**EXERCISE PROMPT:**
Which lines run from the line with "#164=FACE_BOUND('',#163,.T.);" through the line with "#171=DIRECTION('',(0.,1.,0.));" in the entries below? Print them exactly, both ends included, and nothing more.

(Excerpts from a dataset)
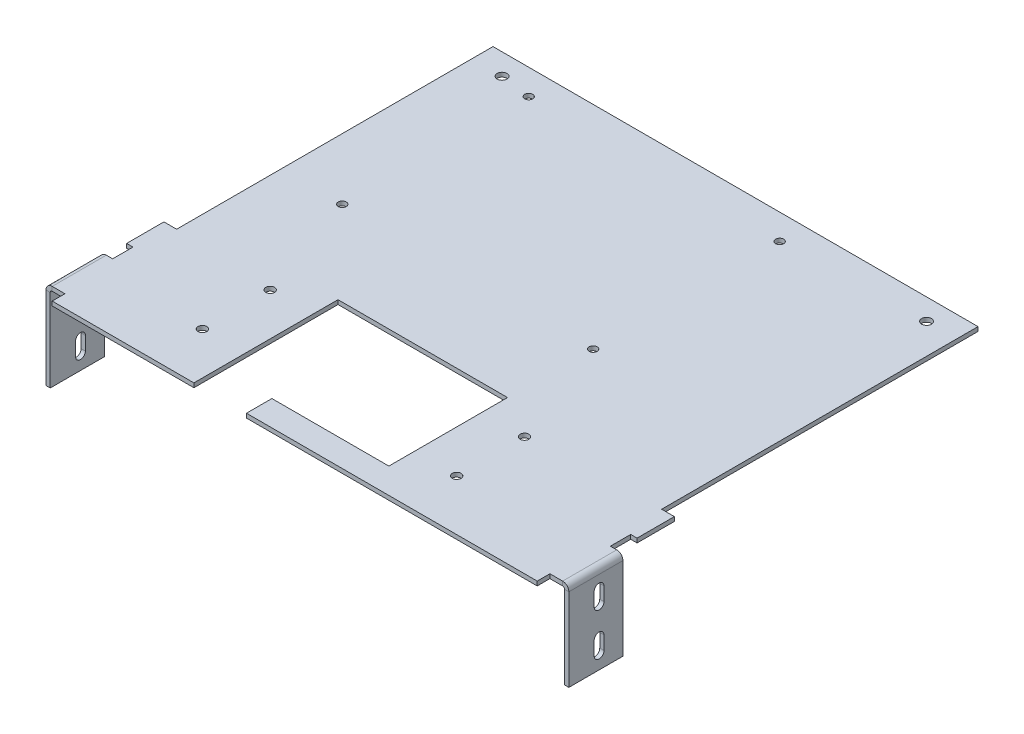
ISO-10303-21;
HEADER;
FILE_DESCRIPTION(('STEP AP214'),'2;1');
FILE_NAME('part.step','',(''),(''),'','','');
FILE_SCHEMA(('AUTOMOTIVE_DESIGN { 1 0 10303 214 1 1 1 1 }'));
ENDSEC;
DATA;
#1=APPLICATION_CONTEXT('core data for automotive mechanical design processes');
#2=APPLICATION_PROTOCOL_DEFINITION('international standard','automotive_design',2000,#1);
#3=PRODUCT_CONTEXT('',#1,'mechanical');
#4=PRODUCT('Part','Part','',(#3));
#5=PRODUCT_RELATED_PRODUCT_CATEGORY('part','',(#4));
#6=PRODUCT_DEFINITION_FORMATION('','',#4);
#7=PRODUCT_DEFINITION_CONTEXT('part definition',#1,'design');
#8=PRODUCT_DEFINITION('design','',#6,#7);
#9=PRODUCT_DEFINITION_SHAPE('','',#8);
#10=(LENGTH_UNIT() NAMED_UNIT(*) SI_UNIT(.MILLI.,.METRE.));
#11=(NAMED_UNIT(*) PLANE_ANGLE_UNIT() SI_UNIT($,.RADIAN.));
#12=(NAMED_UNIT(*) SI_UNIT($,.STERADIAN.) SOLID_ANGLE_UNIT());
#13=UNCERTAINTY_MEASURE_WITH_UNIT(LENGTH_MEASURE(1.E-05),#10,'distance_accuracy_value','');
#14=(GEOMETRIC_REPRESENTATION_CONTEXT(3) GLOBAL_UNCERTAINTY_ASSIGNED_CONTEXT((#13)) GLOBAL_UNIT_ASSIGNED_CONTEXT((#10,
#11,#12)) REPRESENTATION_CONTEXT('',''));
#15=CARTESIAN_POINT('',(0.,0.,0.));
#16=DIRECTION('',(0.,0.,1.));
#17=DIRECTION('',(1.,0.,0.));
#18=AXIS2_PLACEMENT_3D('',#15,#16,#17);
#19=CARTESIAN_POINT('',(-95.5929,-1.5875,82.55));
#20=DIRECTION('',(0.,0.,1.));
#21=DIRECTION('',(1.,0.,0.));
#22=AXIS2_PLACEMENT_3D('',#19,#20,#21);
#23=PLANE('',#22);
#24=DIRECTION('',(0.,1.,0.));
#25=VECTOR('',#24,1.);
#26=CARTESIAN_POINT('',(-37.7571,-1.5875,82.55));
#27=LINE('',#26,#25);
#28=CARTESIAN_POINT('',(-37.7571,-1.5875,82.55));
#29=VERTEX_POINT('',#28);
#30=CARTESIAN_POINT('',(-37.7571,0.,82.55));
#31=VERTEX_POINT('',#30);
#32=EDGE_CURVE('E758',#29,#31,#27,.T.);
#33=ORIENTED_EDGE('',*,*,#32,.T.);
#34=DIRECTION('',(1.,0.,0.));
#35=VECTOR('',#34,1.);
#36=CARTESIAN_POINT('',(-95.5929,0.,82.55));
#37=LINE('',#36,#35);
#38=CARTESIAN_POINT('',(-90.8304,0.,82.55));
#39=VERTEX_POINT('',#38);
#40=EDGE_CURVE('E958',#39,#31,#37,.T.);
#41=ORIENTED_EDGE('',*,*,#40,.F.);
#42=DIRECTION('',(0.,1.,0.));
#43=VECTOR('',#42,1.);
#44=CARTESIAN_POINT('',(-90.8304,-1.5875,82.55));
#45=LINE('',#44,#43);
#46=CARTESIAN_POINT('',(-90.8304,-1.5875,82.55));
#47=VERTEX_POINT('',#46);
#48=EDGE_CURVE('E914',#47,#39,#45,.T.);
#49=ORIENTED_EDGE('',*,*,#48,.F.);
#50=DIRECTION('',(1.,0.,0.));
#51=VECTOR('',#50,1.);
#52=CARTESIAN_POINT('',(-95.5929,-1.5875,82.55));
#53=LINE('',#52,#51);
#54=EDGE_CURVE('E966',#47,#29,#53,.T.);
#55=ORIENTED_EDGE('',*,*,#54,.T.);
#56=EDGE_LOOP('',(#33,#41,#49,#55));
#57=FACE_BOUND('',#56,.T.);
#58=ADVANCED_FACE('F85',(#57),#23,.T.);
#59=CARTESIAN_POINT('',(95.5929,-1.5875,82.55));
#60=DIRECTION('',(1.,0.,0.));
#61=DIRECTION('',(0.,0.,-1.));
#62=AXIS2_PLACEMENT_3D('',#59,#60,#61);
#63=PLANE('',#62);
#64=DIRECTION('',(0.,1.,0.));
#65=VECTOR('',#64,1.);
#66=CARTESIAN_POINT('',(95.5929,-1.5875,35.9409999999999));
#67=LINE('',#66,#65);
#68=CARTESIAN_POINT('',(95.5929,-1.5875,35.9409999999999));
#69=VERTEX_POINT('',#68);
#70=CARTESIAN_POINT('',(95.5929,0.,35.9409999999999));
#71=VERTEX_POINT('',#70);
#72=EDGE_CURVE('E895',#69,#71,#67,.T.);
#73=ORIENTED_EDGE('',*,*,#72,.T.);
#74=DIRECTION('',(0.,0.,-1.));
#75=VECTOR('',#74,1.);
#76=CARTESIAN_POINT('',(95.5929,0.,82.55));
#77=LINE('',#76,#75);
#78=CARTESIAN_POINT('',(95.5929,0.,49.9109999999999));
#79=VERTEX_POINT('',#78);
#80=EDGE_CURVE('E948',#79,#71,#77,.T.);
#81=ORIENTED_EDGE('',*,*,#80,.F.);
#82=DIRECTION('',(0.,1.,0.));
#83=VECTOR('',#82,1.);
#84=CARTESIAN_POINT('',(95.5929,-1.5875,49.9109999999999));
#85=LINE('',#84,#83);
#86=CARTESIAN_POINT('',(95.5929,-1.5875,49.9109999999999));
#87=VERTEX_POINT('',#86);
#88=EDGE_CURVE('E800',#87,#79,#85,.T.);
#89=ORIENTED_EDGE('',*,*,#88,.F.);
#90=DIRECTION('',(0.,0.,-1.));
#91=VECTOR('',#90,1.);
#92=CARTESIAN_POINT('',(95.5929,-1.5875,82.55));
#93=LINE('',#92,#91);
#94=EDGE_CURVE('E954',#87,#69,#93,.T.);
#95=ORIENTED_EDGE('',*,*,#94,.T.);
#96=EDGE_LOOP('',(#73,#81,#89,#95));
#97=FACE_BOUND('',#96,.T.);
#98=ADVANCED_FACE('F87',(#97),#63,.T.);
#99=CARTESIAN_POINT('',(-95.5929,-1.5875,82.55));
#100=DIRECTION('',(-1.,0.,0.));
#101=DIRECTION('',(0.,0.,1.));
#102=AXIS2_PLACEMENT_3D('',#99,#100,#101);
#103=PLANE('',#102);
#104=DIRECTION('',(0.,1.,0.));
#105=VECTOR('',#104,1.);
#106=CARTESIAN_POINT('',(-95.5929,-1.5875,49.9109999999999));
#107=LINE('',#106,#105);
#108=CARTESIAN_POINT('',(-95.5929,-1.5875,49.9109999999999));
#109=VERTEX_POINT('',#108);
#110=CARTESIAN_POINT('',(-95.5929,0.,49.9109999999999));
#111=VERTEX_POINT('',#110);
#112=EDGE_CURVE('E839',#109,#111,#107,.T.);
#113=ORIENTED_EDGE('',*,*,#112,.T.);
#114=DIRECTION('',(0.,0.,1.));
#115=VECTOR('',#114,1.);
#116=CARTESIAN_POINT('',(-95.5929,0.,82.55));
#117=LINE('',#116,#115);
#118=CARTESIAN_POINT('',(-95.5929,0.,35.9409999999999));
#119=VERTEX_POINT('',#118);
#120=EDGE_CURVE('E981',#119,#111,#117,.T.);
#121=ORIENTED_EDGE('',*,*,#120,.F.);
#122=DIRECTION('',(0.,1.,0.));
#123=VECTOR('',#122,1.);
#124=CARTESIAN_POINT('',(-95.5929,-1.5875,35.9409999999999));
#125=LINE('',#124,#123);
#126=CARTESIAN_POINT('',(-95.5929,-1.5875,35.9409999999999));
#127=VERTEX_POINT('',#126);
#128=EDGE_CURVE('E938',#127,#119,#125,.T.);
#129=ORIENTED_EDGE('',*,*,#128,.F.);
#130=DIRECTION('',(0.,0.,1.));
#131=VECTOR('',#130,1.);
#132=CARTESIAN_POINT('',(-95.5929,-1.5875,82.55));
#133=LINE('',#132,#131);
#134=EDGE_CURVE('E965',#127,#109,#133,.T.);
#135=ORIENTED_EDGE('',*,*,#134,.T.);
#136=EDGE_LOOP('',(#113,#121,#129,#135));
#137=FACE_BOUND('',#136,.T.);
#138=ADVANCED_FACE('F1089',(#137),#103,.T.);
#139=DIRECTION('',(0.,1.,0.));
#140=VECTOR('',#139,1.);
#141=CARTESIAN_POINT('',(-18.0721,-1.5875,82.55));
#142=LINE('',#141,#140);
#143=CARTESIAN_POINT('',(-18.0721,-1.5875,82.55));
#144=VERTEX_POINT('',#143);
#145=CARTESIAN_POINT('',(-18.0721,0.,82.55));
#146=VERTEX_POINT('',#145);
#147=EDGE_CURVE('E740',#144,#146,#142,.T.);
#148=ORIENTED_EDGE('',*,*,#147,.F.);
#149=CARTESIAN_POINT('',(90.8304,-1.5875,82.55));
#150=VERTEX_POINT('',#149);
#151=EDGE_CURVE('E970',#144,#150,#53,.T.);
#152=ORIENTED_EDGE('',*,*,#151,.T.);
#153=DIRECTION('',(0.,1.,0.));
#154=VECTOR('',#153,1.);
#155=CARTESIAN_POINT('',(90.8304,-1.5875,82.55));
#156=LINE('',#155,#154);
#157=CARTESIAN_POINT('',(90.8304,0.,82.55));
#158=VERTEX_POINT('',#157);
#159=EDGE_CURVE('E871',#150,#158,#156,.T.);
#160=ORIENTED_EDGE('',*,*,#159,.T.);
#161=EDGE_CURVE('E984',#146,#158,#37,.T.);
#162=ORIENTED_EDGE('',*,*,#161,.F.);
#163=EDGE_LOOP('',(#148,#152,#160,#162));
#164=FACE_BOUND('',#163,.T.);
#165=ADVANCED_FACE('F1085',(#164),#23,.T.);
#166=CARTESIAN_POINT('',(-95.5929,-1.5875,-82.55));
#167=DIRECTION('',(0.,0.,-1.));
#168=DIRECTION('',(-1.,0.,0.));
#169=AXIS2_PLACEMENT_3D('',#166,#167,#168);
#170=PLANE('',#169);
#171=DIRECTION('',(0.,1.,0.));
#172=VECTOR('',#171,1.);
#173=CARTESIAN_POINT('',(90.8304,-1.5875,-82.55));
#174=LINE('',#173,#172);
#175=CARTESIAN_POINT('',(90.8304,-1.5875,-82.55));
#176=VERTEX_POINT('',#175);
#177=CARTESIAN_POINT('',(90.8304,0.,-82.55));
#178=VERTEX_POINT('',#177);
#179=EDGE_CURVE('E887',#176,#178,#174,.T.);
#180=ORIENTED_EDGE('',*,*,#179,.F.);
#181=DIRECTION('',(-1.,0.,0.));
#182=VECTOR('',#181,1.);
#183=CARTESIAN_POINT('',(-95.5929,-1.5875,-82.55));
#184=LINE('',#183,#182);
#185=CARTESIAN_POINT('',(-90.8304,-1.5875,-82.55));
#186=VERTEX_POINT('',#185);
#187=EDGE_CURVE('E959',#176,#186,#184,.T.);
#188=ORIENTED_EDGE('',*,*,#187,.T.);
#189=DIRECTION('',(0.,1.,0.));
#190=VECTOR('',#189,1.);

**SOLUTION:**
#164=FACE_BOUND('',#163,.T.);
#165=ADVANCED_FACE('F1085',(#164),#23,.T.);
#166=CARTESIAN_POINT('',(-95.5929,-1.5875,-82.55));
#167=DIRECTION('',(0.,0.,-1.));
#168=DIRECTION('',(-1.,0.,0.));
#169=AXIS2_PLACEMENT_3D('',#166,#167,#168);
#170=PLANE('',#169);
#171=DIRECTION('',(0.,1.,0.));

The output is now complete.